BEGIN Records provided

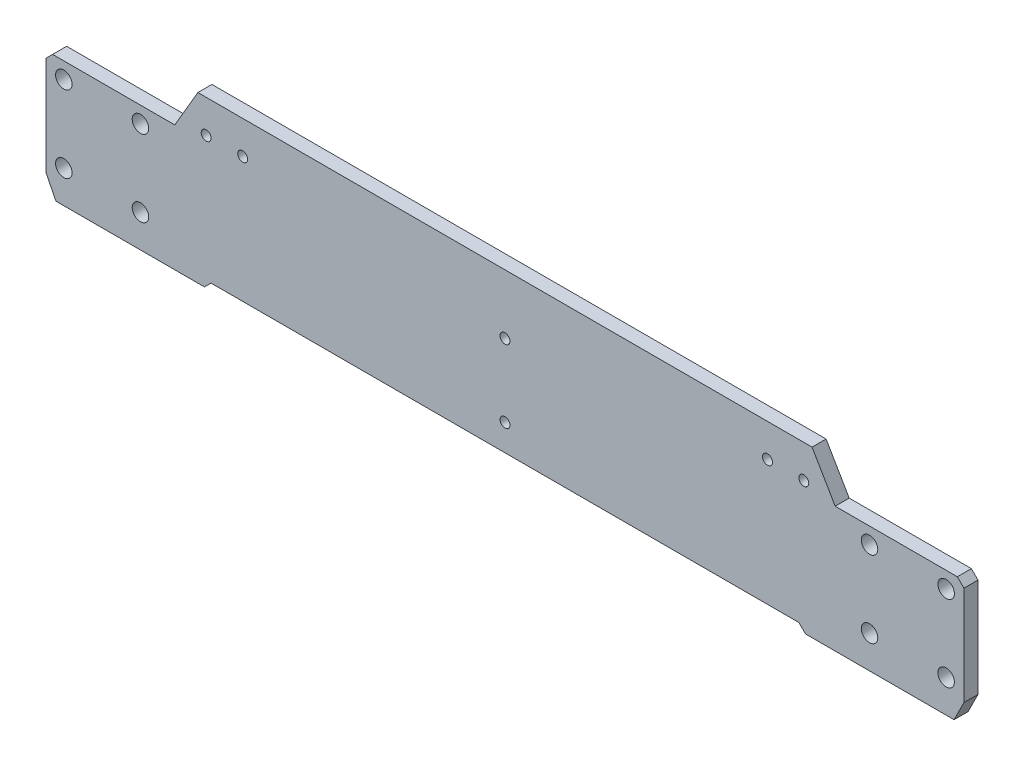
ISO-10303-21;
HEADER;
FILE_DESCRIPTION(('STEP AP214'),'2;1');
FILE_NAME('part.step','',(''),(''),'','','');
FILE_SCHEMA(('AUTOMOTIVE_DESIGN { 1 0 10303 214 1 1 1 1 }'));
ENDSEC;
DATA;
#1=APPLICATION_CONTEXT('core data for automotive mechanical design processes');
#2=APPLICATION_PROTOCOL_DEFINITION('international standard','automotive_design',2000,#1);
#3=PRODUCT_CONTEXT('',#1,'mechanical');
#4=PRODUCT('Part','Part','',(#3));
#5=PRODUCT_RELATED_PRODUCT_CATEGORY('part','',(#4));
#6=PRODUCT_DEFINITION_FORMATION('','',#4);
#7=PRODUCT_DEFINITION_CONTEXT('part definition',#1,'design');
#8=PRODUCT_DEFINITION('design','',#6,#7);
#9=PRODUCT_DEFINITION_SHAPE('','',#8);
#10=(LENGTH_UNIT() NAMED_UNIT(*) SI_UNIT(.MILLI.,.METRE.));
#11=(NAMED_UNIT(*) PLANE_ANGLE_UNIT() SI_UNIT($,.RADIAN.));
#12=(NAMED_UNIT(*) SI_UNIT($,.STERADIAN.) SOLID_ANGLE_UNIT());
#13=UNCERTAINTY_MEASURE_WITH_UNIT(LENGTH_MEASURE(1.E-05),#10,'distance_accuracy_value','');
#14=(GEOMETRIC_REPRESENTATION_CONTEXT(3) GLOBAL_UNCERTAINTY_ASSIGNED_CONTEXT((#13)) GLOBAL_UNIT_ASSIGNED_CONTEXT((#10,
#11,#12)) REPRESENTATION_CONTEXT('',''));
#15=CARTESIAN_POINT('',(0.,0.,0.));
#16=DIRECTION('',(0.,0.,1.));
#17=DIRECTION('',(1.,0.,0.));
#18=AXIS2_PLACEMENT_3D('',#15,#16,#17);
#19=CARTESIAN_POINT('',(0.,0.,4.25));
#20=DIRECTION('',(0.,0.,-1.));
#21=DIRECTION('',(-1.,0.,0.));
#22=AXIS2_PLACEMENT_3D('',#19,#20,#21);
#23=PLANE('',#22);
#24=DIRECTION('',(0.707106781186548,0.707106781186547,0.));
#25=VECTOR('',#24,1.);
#26=CARTESIAN_POINT('',(-91.,-3.,4.25));
#27=LINE('',#26,#25);
#28=CARTESIAN_POINT('',(-91.,-3.,4.25));
#29=VERTEX_POINT('',#28);
#30=CARTESIAN_POINT('',(-89.,-1.,4.25));
#31=VERTEX_POINT('',#30);
#32=EDGE_CURVE('E209',#29,#31,#27,.T.);
#33=ORIENTED_EDGE('',*,*,#32,.T.);
#34=DIRECTION('',(1.,0.,0.));
#35=VECTOR('',#34,1.);
#36=CARTESIAN_POINT('',(-89.,-1.,4.25));
#37=LINE('',#36,#35);
#38=CARTESIAN_POINT('',(89.,-1.,4.25));
#39=VERTEX_POINT('',#38);
#40=EDGE_CURVE('E117',#31,#39,#37,.T.);
#41=ORIENTED_EDGE('',*,*,#40,.T.);
#42=DIRECTION('',(0.707106781186548,-0.707106781186547,0.));
#43=VECTOR('',#42,1.);
#44=CARTESIAN_POINT('',(89.,-1.,4.25));
#45=LINE('',#44,#43);
#46=CARTESIAN_POINT('',(91.,-3.,4.25));
#47=VERTEX_POINT('',#46);
#48=EDGE_CURVE('E248',#39,#47,#45,.T.);
#49=ORIENTED_EDGE('',*,*,#48,.T.);
#50=DIRECTION('',(1.,0.,0.));
#51=VECTOR('',#50,1.);
#52=CARTESIAN_POINT('',(91.,-3.,4.25));
#53=LINE('',#52,#51);
#54=CARTESIAN_POINT('',(136.,-3.,4.25));
#55=VERTEX_POINT('',#54);
#56=EDGE_CURVE('E267',#47,#55,#53,.T.);
#57=ORIENTED_EDGE('',*,*,#56,.T.);
#58=DIRECTION('',(0.447213595499958,0.894427190999916,0.));
#59=VECTOR('',#58,1.);
#60=CARTESIAN_POINT('',(136.,-3.,4.25));
#61=LINE('',#60,#59);
#62=CARTESIAN_POINT('',(139.,3.,4.25));
#63=VERTEX_POINT('',#62);
#64=EDGE_CURVE('E264',#55,#63,#61,.T.);
#65=ORIENTED_EDGE('',*,*,#64,.T.);
#66=DIRECTION('',(0.,1.,0.));
#67=VECTOR('',#66,1.);
#68=CARTESIAN_POINT('',(139.,3.,4.25));
#69=LINE('',#68,#67);
#70=CARTESIAN_POINT('',(139.,33.,4.25));
#71=VERTEX_POINT('',#70);
#72=EDGE_CURVE('E266',#63,#71,#69,.T.);
#73=ORIENTED_EDGE('',*,*,#72,.T.);
#74=DIRECTION('',(-0.707106781186547,0.707106781186547,0.));
#75=VECTOR('',#74,1.);
#76=CARTESIAN_POINT('',(139.,33.,4.25));
#77=LINE('',#76,#75);
#78=CARTESIAN_POINT('',(137.,35.,4.25));
#79=VERTEX_POINT('',#78);
#80=EDGE_CURVE('E269',#71,#79,#77,.T.);
#81=ORIENTED_EDGE('',*,*,#80,.T.);
#82=DIRECTION('',(-1.,0.,0.));
#83=VECTOR('',#82,1.);
#84=CARTESIAN_POINT('',(137.,35.,4.25));
#85=LINE('',#84,#83);
#86=CARTESIAN_POINT('',(100.,35.,4.25));
#87=VERTEX_POINT('',#86);
#88=EDGE_CURVE('E275',#79,#87,#85,.T.);
#89=ORIENTED_EDGE('',*,*,#88,.T.);
#90=DIRECTION('',(-0.503871025524087,0.863778900898433,0.));
#91=VECTOR('',#90,1.);
#92=CARTESIAN_POINT('',(100.,35.,4.25));
#93=LINE('',#92,#91);
#94=CARTESIAN_POINT('',(93.,47.,4.25));
#95=VERTEX_POINT('',#94);
#96=EDGE_CURVE('E277',#87,#95,#93,.T.);
#97=ORIENTED_EDGE('',*,*,#96,.T.);
#98=DIRECTION('',(-1.,0.,0.));
#99=VECTOR('',#98,1.);
#100=CARTESIAN_POINT('',(93.,47.,4.25));
#101=LINE('',#100,#99);
#102=CARTESIAN_POINT('',(-93.,47.,4.25));
#103=VERTEX_POINT('',#102);
#104=EDGE_CURVE('E279',#95,#103,#101,.T.);
#105=ORIENTED_EDGE('',*,*,#104,.T.);
#106=DIRECTION('',(-0.503871025524087,-0.863778900898433,0.));
#107=VECTOR('',#106,1.);
#108=CARTESIAN_POINT('',(-93.,47.,4.25));
#109=LINE('',#108,#107);
#110=CARTESIAN_POINT('',(-100.,35.,4.25));
#111=VERTEX_POINT('',#110);
#112=EDGE_CURVE('E281',#103,#111,#109,.T.);
#113=ORIENTED_EDGE('',*,*,#112,.T.);
#114=DIRECTION('',(-1.,0.,0.));
#115=VECTOR('',#114,1.);
#116=CARTESIAN_POINT('',(-100.,35.,4.25));
#117=LINE('',#116,#115);
#118=CARTESIAN_POINT('',(-137.,35.,4.25));
#119=VERTEX_POINT('',#118);
#120=EDGE_CURVE('E283',#111,#119,#117,.T.);
#121=ORIENTED_EDGE('',*,*,#120,.T.);
#122=DIRECTION('',(-0.707106781186547,-0.707106781186547,0.));
#123=VECTOR('',#122,1.);
#124=CARTESIAN_POINT('',(-137.,35.,4.25));
#125=LINE('',#124,#123);
#126=CARTESIAN_POINT('',(-139.,33.,4.25));
#127=VERTEX_POINT('',#126);
#128=EDGE_CURVE('E160',#119,#127,#125,.T.);
#129=ORIENTED_EDGE('',*,*,#128,.T.);
#130=DIRECTION('',(0.,-1.,0.));
#131=VECTOR('',#130,1.);
#132=CARTESIAN_POINT('',(-139.,33.,4.25));
#133=LINE('',#132,#131);
#134=CARTESIAN_POINT('',(-139.,3.,4.25));
#135=VERTEX_POINT('',#134);
#136=EDGE_CURVE('E154',#127,#135,#133,.T.);
#137=ORIENTED_EDGE('',*,*,#136,.T.);
#138=DIRECTION('',(0.447213595499958,-0.894427190999916,0.));
#139=VECTOR('',#138,1.);
#140=CARTESIAN_POINT('',(-139.,3.,4.25));
#141=LINE('',#140,#139);
#142=CARTESIAN_POINT('',(-136.,-3.,4.25));
#143=VERTEX_POINT('',#142);
#144=EDGE_CURVE('E158',#135,#143,#141,.T.);
#145=ORIENTED_EDGE('',*,*,#144,.T.);
#146=DIRECTION('',(1.,0.,0.));
#147=VECTOR('',#146,1.);
#148=CARTESIAN_POINT('',(-136.,-3.,4.25));
#149=LINE('',#148,#147);
#150=EDGE_CURVE('E50',#143,#29,#149,.T.);
#151=ORIENTED_EDGE('',*,*,#150,.T.);
#152=EDGE_LOOP('',(#33,#41,#49,#57,#65,#73,#81,#89,#97,#105,#113,#121,#129,#137,#145,#151));
#153=FACE_BOUND('',#152,.T.);
#154=CARTESIAN_POINT('',(-133.600349176618,30.0998056751935,4.25));
#155=DIRECTION('',(0.,0.,1.));
#156=DIRECTION('',(1.,0.,0.));
#157=AXIS2_PLACEMENT_3D('',#154,#155,#156);
#158=CIRCLE('',#157,2.50002533855522);
#159=CARTESIAN_POINT('',(-131.100323838063,30.0998056751935,4.25));
#160=VERTEX_POINT('',#159);
#161=EDGE_CURVE('E182',#160,#160,#158,.T.);
#162=ORIENTED_EDGE('',*,*,#161,.F.);
#163=EDGE_LOOP('',(#162));
#164=FACE_BOUND('',#163,.T.);
#165=CARTESIAN_POINT('',(-110.397163400501,30.0865621547168,4.25));
#166=DIRECTION('',(0.,0.,1.));
#167=DIRECTION('',(1.,0.,0.));
#168=AXIS2_PLACEMENT_3D('',#165,#166,#167);
#169=CIRCLE('',#168,2.50003027489645);
#170=CARTESIAN_POINT('',(-107.897133125605,30.0865621547168,4.25));
#171=VERTEX_POINT('',#170);
#172=EDGE_CURVE('E447',#171,#171,#169,.T.);
#173=ORIENTED_EDGE('',*,*,#172,.F.);
#174=EDGE_LOOP('',(#173));
#175=FACE_BOUND('',#174,.T.);
#176=CARTESIAN_POINT('',(-133.597969419464,6.88582491159594,4.25));
#177=DIRECTION('',(0.,0.,1.));
#178=DIRECTION('',(1.,0.,0.));
#179=AXIS2_PLACEMENT_3D('',#176,#177,#178);
#180=CIRCLE('',#179,2.5005938502387);
#181=CARTESIAN_POINT('',(-131.097375569225,6.88582491159594,4.25));
#182=VERTEX_POINT('',#181);
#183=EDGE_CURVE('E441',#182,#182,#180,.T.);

END Records provided

Your answer must be the lines from the one containing "#174=EDGE_LOOP('',(#173));" through the last line of the entries, copied exactly, with no other lines.

#174=EDGE_LOOP('',(#173));
#175=FACE_BOUND('',#174,.T.);
#176=CARTESIAN_POINT('',(-133.597969419464,6.88582491159594,4.25));
#177=DIRECTION('',(0.,0.,1.));
#178=DIRECTION('',(1.,0.,0.));
#179=AXIS2_PLACEMENT_3D('',#176,#177,#178);
#180=CIRCLE('',#179,2.5005938502387);
#181=CARTESIAN_POINT('',(-131.097375569225,6.88582491159594,4.25));
#182=VERTEX_POINT('',#181);
#183=EDGE_CURVE('E441',#182,#182,#180,.T.);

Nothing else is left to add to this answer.